Study questions: In what two major ways does the earth differ from Mars? Lots of liquid water at the surface, and the presence of life. How have each of these differences influenced the dramatic loss of CO 2 from the earth atmosphere, relative to Mars? First, CO2 dissolves in water. Then, it is available to organisms that make shells and reefs out of calcium carbonate. This material accumulates as sedimentary deposits (Cliffs of Dover) in the lithosphere. Likewise, the evolution of photosynthesis (specifically the ‘light independent reaction’) allow CO2 in the atmosphere to be stored as glucose, cellulose, and other organic molecules. Although respiration and decomposition would return CO2 to the atmosphere, much of the organic remains have been preserved as fossil fuel deposits in sedimentary rocks – again representing a transfer of CO2 from the atmosphere to the lithosphere, mediated by living organisms.

Study questions: Dinosaurs went extinct because a meteor struck the earth and caused an ‘ecological catastrophe’ in which the animals with the greatest energy demand went extinct. Why is humanity similarly vulnerable with respect to the amount of resources we use, and the range of food we consume? We use 40% of the food produced on land. If there was an ecological catastrophe that reduced food production, we would feel it worse than other species. In addition, we get 60% of our calories from just three species!!! So, if a calamity befalls any of these three species, we will feel it. What are the three main ways that we are causing the extinction of other organisms? 1.Competition – we are consuming most the food. 2.This is largely by changing their habitats (prairie, forest, etc.) into our agricultural land. 3.Changing the climate faster than it has changed before, and faster than many species can adapt. Why is maintaining diversity important?

Study questions: Why is maintaining diversity important? Natural ecosystems provide ‘services’ upon which humanity depends, such as making food, cleaning the air, cleaning the water, stabilizing the climate, and fertilizing the soil.
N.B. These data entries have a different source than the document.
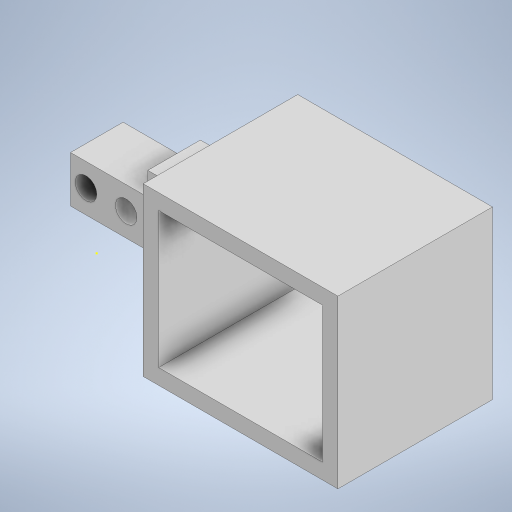
# Autodesk Inventor part: Upper_battery
Saved by Autodesk Inventor 2024 (Build 280153000, 153)
## iProperties
Created: 2024-11-10
Part Number: Upper_battery
Material: Generic
Document SubType Name: Modeling
Designer: manas
Density: 1 g/cm^3
Appearance: Default
Author: manas
Autodesk Inventor part; units mm, degrees
ref_plane "YZ Plane" through (0, 0, 0) normal (1, 0, 0) x (0, 1, 0)
ref_plane "XZ Plane" through (0, 0, 0) normal (0, 1, 0) x (-1, 0, 0)
ref_plane "XY Plane" through (0, 0, 0) normal (0, 0, 1) x (1, 0, 0)
sketch "Sketch1" plane through (0, 0, 0) normal (1, 0, 0) x (0, 1, 0)
  line L0 (-15, 8.5) -> (15, 8.5)
  line L1 (15, 8.5) -> (15, -8.5)
  line L2 (15, -8.5) -> (-15, -8.5)
  line L3 (-15, -8.5) -> (-15, 8.5)
  line L4 (-15, 8.5) -> (15, -8.5) construction
  line L5 (15, 8.5) -> (-15, -8.5) construction
  point P0 (0, 0)
  dimension "d0" = 30
  dimension "d1" = 17
  constraints: 12 end point, 2 midpoint, 2 parallel, 1 horizontal, 1 perpendicular
  measures "d0" distance of L1.end L2.end
  measures "d1" distance of L0.end L1.end
extrude "Extrusion1" add sketch "Sketch1" along normal blind 15
sketch "Sketch2" plane through (0, 0, 0) normal (-1, 0, 0) x (0, 0, 1)
  line L0 (-8.5, 7.5) -> (8.5, 7.5)
  line L1 (8.5, 7.5) -> (8.5, -7.5)
  line L2 (8.5, -7.5) -> (-8.5, -7.5)
  line L3 (-8.5, -7.5) -> (-8.5, 7.5)
  line L4 (-8.5, 7.5) -> (8.5, -7.5) construction
  line L5 (8.5, 7.5) -> (-8.5, -7.5) construction
  point P0 (0, 0)
  dimension "d4" = 17
  dimension "d5" = 15
  constraints: 12 end point, 2 midpoint, 2 parallel, 1 horizontal, 1 perpendicular
  measures "d4" distance of L1.end L2.end
  measures "d5" distance of L0.end L1.end
extrude "Extrusion2" add sketch "Sketch2" along normal blind 25
sketch "Sketch3" plane through (15, 0, 0) normal (1, 0, 0) x (0, 0, -1)
  line L0 (-25, 27) -> (25, 27)
  line L1 (25, 27) -> (25, -27)
  line L2 (25, -27) -> (-25, -27)
  line L3 (-25, -27) -> (-25, 27)
  line L4 (-25, 27) -> (25, -27) construction
  line L5 (25, 27) -> (-25, -27) construction
  point P0 (0, 0)
  dimension "d8" = 50
  dimension "d9" = 54
  constraints: 12 end point, 2 midpoint, 2 parallel, 1 horizontal, 1 perpendicular
  measures "d8" distance of L1.end L2.end
  measures "d9" distance of L0.end L1.end
extrude "Extrusion3" add sketch "Sketch3" along normal blind 5
sketch "Sketch4" plane through (20, 0, 0) normal (1, 0, 0) x (0, 0, -1)
  line L0 (-25, 27) -> (-25, -27) projected
  line L1 (-25, 27) -> (25, 27)
  line L2 (25, 27) -> (25, 22)
  line L3 (25, 22) -> (-25, 22)
  line L4 (-25, 22) -> (-25, 27)
  line L5 (-25, -27) -> (25, -27) projected
  line L6 (-25, -27) -> (25, -27)
  line L7 (25, -27) -> (25, -22)
  line L8 (25, -22) -> (-25, -22)
  line L9 (-25, -22) -> (-25, -27)
  point P0 (0, 0)
  dimension "d12" = 50
  dimension "d13" = 5
  dimension "d14" = 50
  dimension "d15" = 5
  constraints: 16 end point, 4 parallel, 2 horizontal, 2 perpendicular
  measures "d12" distance of L2.end L3.end
  measures "d13" distance of L1.end L2.end
  measures "d14" distance of L8.end L7.end
  measures "d15" distance of L7.end L6.end
extrude "Extrusion4" add sketch "Sketch4" along normal blind 58
sketch "Sketch5" plane through (20, -22, 25) normal (0, 1, 0) x (1, 0, 0)
  line L0 (0, 50) -> (58, 50) projected
  line L1 (0, 0) -> (58, 0) projected
  line L2 (58, 50) -> (53, 50)
  line L3 (53, 50) -> (53, 0)
  line L4 (53, 0) -> (58, 0)
  line L5 (58, 0) -> (58, 50)
  point P0 (-20, 25)
  dimension "d18" = 5
  constraints: 8 end point, 2 parallel, 1 horizontal, 1 perpendicular, 1 point on line
  measures "d18" distance of L4.end L3.end
extrude "Extrusion5" add sketch "Sketch5" along normal blind 45
sketch "Sketch6" plane through (15, -27, 25) normal (0, 0, 1) x (1, 0, 0)
  point P0 (-15, 27)
sketch "Sketch7" plane through (0, 7.5, 8.5) normal (0, 0, 1) x (1, 0, 0)
  line L0 (-25, 0) -> (-25, -15) projected
  line L1 (-25, -7.5) -> (-20, -7.5)
  line L2 (0, -7.5) -> (-7, -7.5)
  circle A0 centre (-7, -7.5) radius 3.5
  circle A1 centre (-20, -7.5) radius 3.5
  dimension "d21" = 5
  dimension "d22" = 7
  dimension "d23" = 7
  dimension "d24" = 7
  constraints: 4 end point, 2 centre point, 2 coincident, 2 horizontal, 1 midpoint
  measures "d21" distance of L1.start L1.end
  measures "d22" distance of L2.start L2.end
  measures "d23" diameter of A0
  measures "d24" diameter of A1
extrude "Extrusion6" cut sketch "Sketch7" against normal through all
sketch "Sketch8" plane through (0, -15, -8.5) normal (0, 0, -1) x (-1, 0, 0)
  point P0 (0, 15)
body "Solid1"

Ecology has shown that more diverse systems are more effective and efficient at performing these functions. Although there is redundancy in nature, we don’t yet know which species are the key ‘drivers’ of ecosystem function. As such, in order to maintain ecosystem function, we must ‘keep all the pieces’. As the percentage of endangered species in different groups shows, we aren’t doing such a great job at this. BUT! The first step in solving a problem is identifying it. Now we know. Now we must act.